Os dispositivos legais que definem a vigência das patentes no Brasil são questionados em ação direta de inconstitucionalidade (ADI n°5529), impetrada pela Procuradoria-Geral da República (PGR), sob relatoria do ministro Dias Toffoli. Na ADI, a PGR argumenta que a norma estimula a demora excessiva na análise dos pedidos de concessão de patentes, tornando indeterminado o período da proteção patentária e violando os princípios constitucionais como o da segurança jurídica (art. 5º, caput, da Constituição da República), da livre concorrência (art. 170, IV, da Constituição) e defesa do consumidor (arts. 5º, XXXII, e 170, V, da Constituição).
O ministro Toffoli, em recente decisão liminar, suspendeu a aplicação da prorrogação de prazo às patentes em registros futuros e limitou a vigência para produtos farmacêuticos e materiais de saúde ao prazo máximo estipulado em Lei, mesmo que pendentes de análise, no contexto da crise sanitária em função da pandemia. Agora, os ministros da Corte julgam se referendam a decisão do relator e se os dispositivos da Lei de Patente questionados afrontam postulados constitucionais.
Em sua sustentação, André Mendonça alertou para os impactos do reconhecimento de eventual inconstitucionalidade da norma em questão, lembrando que os reflexos da decisão vão muito além do setor farmacêutico e podem afetar de forma prejudicial diversos setores tecnológicos do País. “Para que tenhamos uma melhor dimensão da questão, no total, hoje existem cerca de oito mil pedidos de patentes aguardando definição há mais de dez anos no INPI; ou há mais de oito anos no caso de medidas de utilidade. Além dessas oito mil, quase 32 mil patentes vigentes com prazo estendido, ou seja, cerca de 40 mil patentes que seriam impactadas ou potencialmente impactadas por uma decisão de inconstitucionalidade com efeito ex tunc (retroativo)”, ponderou.
André Mendonça também destacou os avanços do Programa Estratégico de Combate ao Backlog, criado para reduzir o número de pedidos de patente de invenção com exame requerido e pendentes de decisão, especialmente a partir de 2019. Ele afirmou que o programa ajudou a reduzir o número de patentes para análise de 200 mil, em 2018, para 149 mil em 2019. O tempo médio para avaliação do INPI, que era de cinco anos e quatro meses, pode chegar a dois anos.

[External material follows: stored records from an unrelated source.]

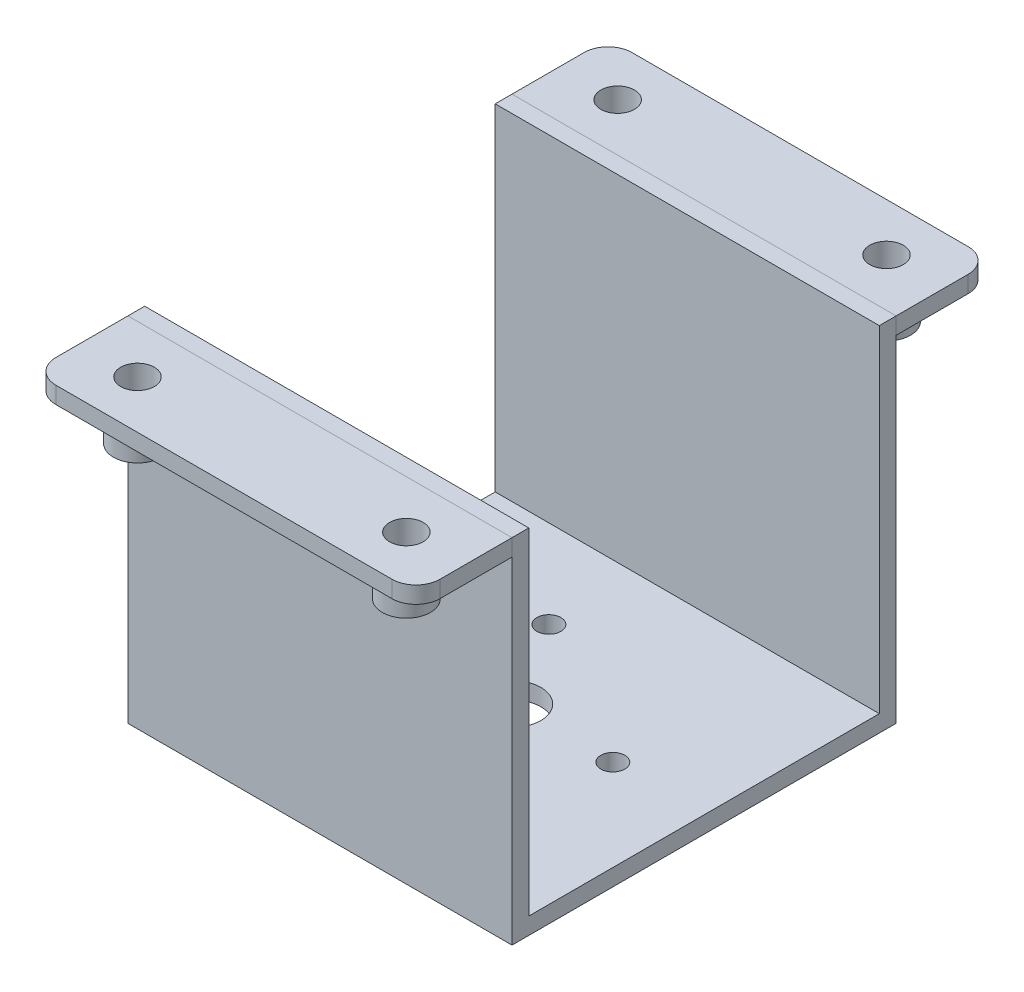
ISO-10303-21;
HEADER;
FILE_DESCRIPTION(('STEP AP214'),'2;1');
FILE_NAME('part.step','',(''),(''),'','','');
FILE_SCHEMA(('AUTOMOTIVE_DESIGN { 1 0 10303 214 1 1 1 1 }'));
ENDSEC;
DATA;
#1=APPLICATION_CONTEXT('core data for automotive mechanical design processes');
#2=APPLICATION_PROTOCOL_DEFINITION('international standard','automotive_design',2000,#1);
#3=PRODUCT_CONTEXT('',#1,'mechanical');
#4=PRODUCT('Part','Part','',(#3));
#5=PRODUCT_RELATED_PRODUCT_CATEGORY('part','',(#4));
#6=PRODUCT_DEFINITION_FORMATION('','',#4);
#7=PRODUCT_DEFINITION_CONTEXT('part definition',#1,'design');
#8=PRODUCT_DEFINITION('design','',#6,#7);
#9=PRODUCT_DEFINITION_SHAPE('','',#8);
#10=(LENGTH_UNIT() NAMED_UNIT(*) SI_UNIT(.MILLI.,.METRE.));
#11=(NAMED_UNIT(*) PLANE_ANGLE_UNIT() SI_UNIT($,.RADIAN.));
#12=(NAMED_UNIT(*) SI_UNIT($,.STERADIAN.) SOLID_ANGLE_UNIT());
#13=UNCERTAINTY_MEASURE_WITH_UNIT(LENGTH_MEASURE(1.E-05),#10,'distance_accuracy_value','');
#14=(GEOMETRIC_REPRESENTATION_CONTEXT(3) GLOBAL_UNCERTAINTY_ASSIGNED_CONTEXT((#13)) GLOBAL_UNIT_ASSIGNED_CONTEXT((#10,
#11,#12)) REPRESENTATION_CONTEXT('',''));
#15=CARTESIAN_POINT('',(0.,0.,0.));
#16=DIRECTION('',(0.,0.,1.));
#17=DIRECTION('',(1.,0.,0.));
#18=AXIS2_PLACEMENT_3D('',#15,#16,#17);
#19=CARTESIAN_POINT('',(0.,70.,0.));
#20=DIRECTION('',(0.,-1.,0.));
#21=DIRECTION('',(0.,0.,-1.));
#22=AXIS2_PLACEMENT_3D('',#19,#20,#21);
#23=PLANE('',#22);
#24=CARTESIAN_POINT('',(28.,70.,50.));
#25=DIRECTION('',(0.,-1.,0.));
#26=DIRECTION('',(0.,0.,-1.));
#27=AXIS2_PLACEMENT_3D('',#24,#25,#26);
#28=CIRCLE('',#27,5.);
#29=CARTESIAN_POINT('',(28.,70.,45.));
#30=VERTEX_POINT('',#29);
#31=EDGE_CURVE('E250',#30,#30,#28,.T.);
#32=ORIENTED_EDGE('',*,*,#31,.F.);
#33=EDGE_LOOP('',(#32));
#34=FACE_BOUND('',#33,.T.);
#35=DIRECTION('',(-1.,0.,0.));
#36=VECTOR('',#35,1.);
#37=CARTESIAN_POINT('',(0.,70.,60.));
#38=LINE('',#37,#36);
#39=CARTESIAN_POINT('',(35.,70.,60.));
#40=VERTEX_POINT('',#39);
#41=CARTESIAN_POINT('',(-35.,70.,60.));
#42=VERTEX_POINT('',#41);
#43=EDGE_CURVE('E199',#40,#42,#38,.T.);
#44=ORIENTED_EDGE('',*,*,#43,.T.);
#45=CARTESIAN_POINT('',(-35.,70.,55.));
#46=DIRECTION('',(0.,-1.,0.));
#47=DIRECTION('',(0.,0.,-1.));
#48=AXIS2_PLACEMENT_3D('',#45,#46,#47);
#49=CIRCLE('',#48,5.);
#50=CARTESIAN_POINT('',(-40.,70.,55.));
#51=VERTEX_POINT('',#50);
#52=EDGE_CURVE('E147',#42,#51,#49,.T.);
#53=ORIENTED_EDGE('',*,*,#52,.T.);
#54=DIRECTION('',(0.,0.,-1.));
#55=VECTOR('',#54,1.);
#56=CARTESIAN_POINT('',(-40.,70.,0.));
#57=LINE('',#56,#55);
#58=CARTESIAN_POINT('',(-40.,70.,40.));
#59=VERTEX_POINT('',#58);
#60=EDGE_CURVE('E205',#51,#59,#57,.T.);
#61=ORIENTED_EDGE('',*,*,#60,.T.);
#62=DIRECTION('',(1.,0.,0.));
#63=VECTOR('',#62,1.);
#64=CARTESIAN_POINT('',(0.,70.,40.));
#65=LINE('',#64,#63);
#66=CARTESIAN_POINT('',(40.,70.,40.));
#67=VERTEX_POINT('',#66);
#68=EDGE_CURVE('E200',#59,#67,#65,.T.);
#69=ORIENTED_EDGE('',*,*,#68,.T.);
#70=DIRECTION('',(0.,0.,1.));
#71=VECTOR('',#70,1.);
#72=CARTESIAN_POINT('',(40.,70.,0.));
#73=LINE('',#72,#71);
#74=CARTESIAN_POINT('',(40.,70.,55.));
#75=VERTEX_POINT('',#74);
#76=EDGE_CURVE('E191',#67,#75,#73,.T.);
#77=ORIENTED_EDGE('',*,*,#76,.T.);
#78=CARTESIAN_POINT('',(35.,70.,55.));
#79=DIRECTION('',(0.,-1.,0.));
#80=DIRECTION('',(0.,0.,-1.));
#81=AXIS2_PLACEMENT_3D('',#78,#79,#80);
#82=CIRCLE('',#81,5.);
#83=EDGE_CURVE('E230',#75,#40,#82,.T.);
#84=ORIENTED_EDGE('',*,*,#83,.T.);
#85=EDGE_LOOP('',(#44,#53,#61,#69,#77,#84));
#86=FACE_BOUND('',#85,.T.);
#87=CARTESIAN_POINT('',(-28.,70.,50.));
#88=DIRECTION('',(0.,-1.,0.));
#89=DIRECTION('',(0.,0.,-1.));
#90=AXIS2_PLACEMENT_3D('',#87,#88,#89);
#91=CIRCLE('',#90,5.);
#92=CARTESIAN_POINT('',(-28.,70.,45.));
#93=VERTEX_POINT('',#92);
#94=EDGE_CURVE('E255',#93,#93,#91,.T.);
#95=ORIENTED_EDGE('',*,*,#94,.F.);
#96=EDGE_LOOP('',(#95));
#97=FACE_BOUND('',#96,.T.);
#98=ADVANCED_FACE('F139',(#34,#86,#97),#23,.T.);
#99=CARTESIAN_POINT('',(0.,73.5,0.));
#100=DIRECTION('',(0.,-1.,0.));
#101=DIRECTION('',(0.,0.,-1.));
#102=AXIS2_PLACEMENT_3D('',#99,#100,#101);
#103=PLANE('',#102);
#104=DIRECTION('',(0.,0.,-1.));
#105=VECTOR('',#104,1.);
#106=CARTESIAN_POINT('',(-40.,73.5,0.));
#107=LINE('',#106,#105);
#108=CARTESIAN_POINT('',(-40.,73.5,55.));
#109=VERTEX_POINT('',#108);
#110=CARTESIAN_POINT('',(-40.,73.5,40.));
#111=VERTEX_POINT('',#110);
#112=EDGE_CURVE('E209',#109,#111,#107,.T.);
#113=ORIENTED_EDGE('',*,*,#112,.F.);
#114=CARTESIAN_POINT('',(-35.,73.5,55.));
#115=DIRECTION('',(0.,-1.,0.));
#116=DIRECTION('',(0.,0.,-1.));
#117=AXIS2_PLACEMENT_3D('',#114,#115,#116);
#118=CIRCLE('',#117,5.);
#119=CARTESIAN_POINT('',(-35.,73.5,60.));
#120=VERTEX_POINT('',#119);
#121=EDGE_CURVE('E224',#109,#120,#118,.F.);
#122=ORIENTED_EDGE('',*,*,#121,.T.);
#123=DIRECTION('',(-1.,0.,0.));
#124=VECTOR('',#123,1.);
#125=CARTESIAN_POINT('',(0.,73.5,60.));
#126=LINE('',#125,#124);
#127=CARTESIAN_POINT('',(35.,73.5,60.));
#128=VERTEX_POINT('',#127);
#129=EDGE_CURVE('E243',#128,#120,#126,.T.);
#130=ORIENTED_EDGE('',*,*,#129,.F.);
#131=CARTESIAN_POINT('',(35.,73.5,55.));
#132=DIRECTION('',(0.,-1.,0.));
#133=DIRECTION('',(0.,0.,-1.));
#134=AXIS2_PLACEMENT_3D('',#131,#132,#133);
#135=CIRCLE('',#134,5.);
#136=CARTESIAN_POINT('',(40.,73.5,55.));
#137=VERTEX_POINT('',#136);
#138=EDGE_CURVE('E218',#128,#137,#135,.F.);
#139=ORIENTED_EDGE('',*,*,#138,.T.);
#140=DIRECTION('',(0.,0.,1.));
#141=VECTOR('',#140,1.);
#142=CARTESIAN_POINT('',(40.,73.5,0.));
#143=LINE('',#142,#141);
#144=CARTESIAN_POINT('',(40.,73.5,40.));
#145=VERTEX_POINT('',#144);
#146=EDGE_CURVE('E246',#145,#137,#143,.T.);
#147=ORIENTED_EDGE('',*,*,#146,.F.);
#148=DIRECTION('',(1.,0.,0.));
#149=VECTOR('',#148,1.);
#150=CARTESIAN_POINT('',(0.,73.5,40.));
#151=LINE('',#150,#149);
#152=EDGE_CURVE('E213',#111,#145,#151,.T.);
#153=ORIENTED_EDGE('',*,*,#152,.F.);
#154=EDGE_LOOP('',(#113,#122,#130,#139,#147,#153));
#155=FACE_BOUND('',#154,.T.);
#156=CARTESIAN_POINT('',(28.,73.5,50.));
#157=DIRECTION('',(0.,-1.,0.));
#158=DIRECTION('',(0.,0.,-1.));
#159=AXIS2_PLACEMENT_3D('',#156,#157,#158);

Por fim, apesar de sua defesa da constitucionalidade da norma questionada na ação, o advogado-geral acolheu a possibilidade de uma atualização legislativa a partir da avaliação de conveniência e oportunidade, como disposto no acórdão n°1199, de 2020, do Tribunal de Contas da União (TCU). André Mendonça concluiu sua sustentação oral complementando o pedido de desprovimento da ação com preservação das patentes já concedidas, em caso de eventual decisão pela inconstitucionalidade da norma, e a não incidência sobre produtos farmacêuticos. “Especialmente aqueles que direta ou indiretamente possam contribuir para o combate à pandemia, ou seja, trazendo-se uma perspectiva de possibilidade de não aplicação do dispositivo nos medicamentos farmacêuticos, em especial aqueles que visam proteger vidas e combater a Covid-19”, finalizou.
O julgamento foi interrompido após as sustentações orais e será retomado com a votação dos ministros da Corte.
Referência: Ação Direta de Inconstitucionalidade (ADI) 5529
M.F.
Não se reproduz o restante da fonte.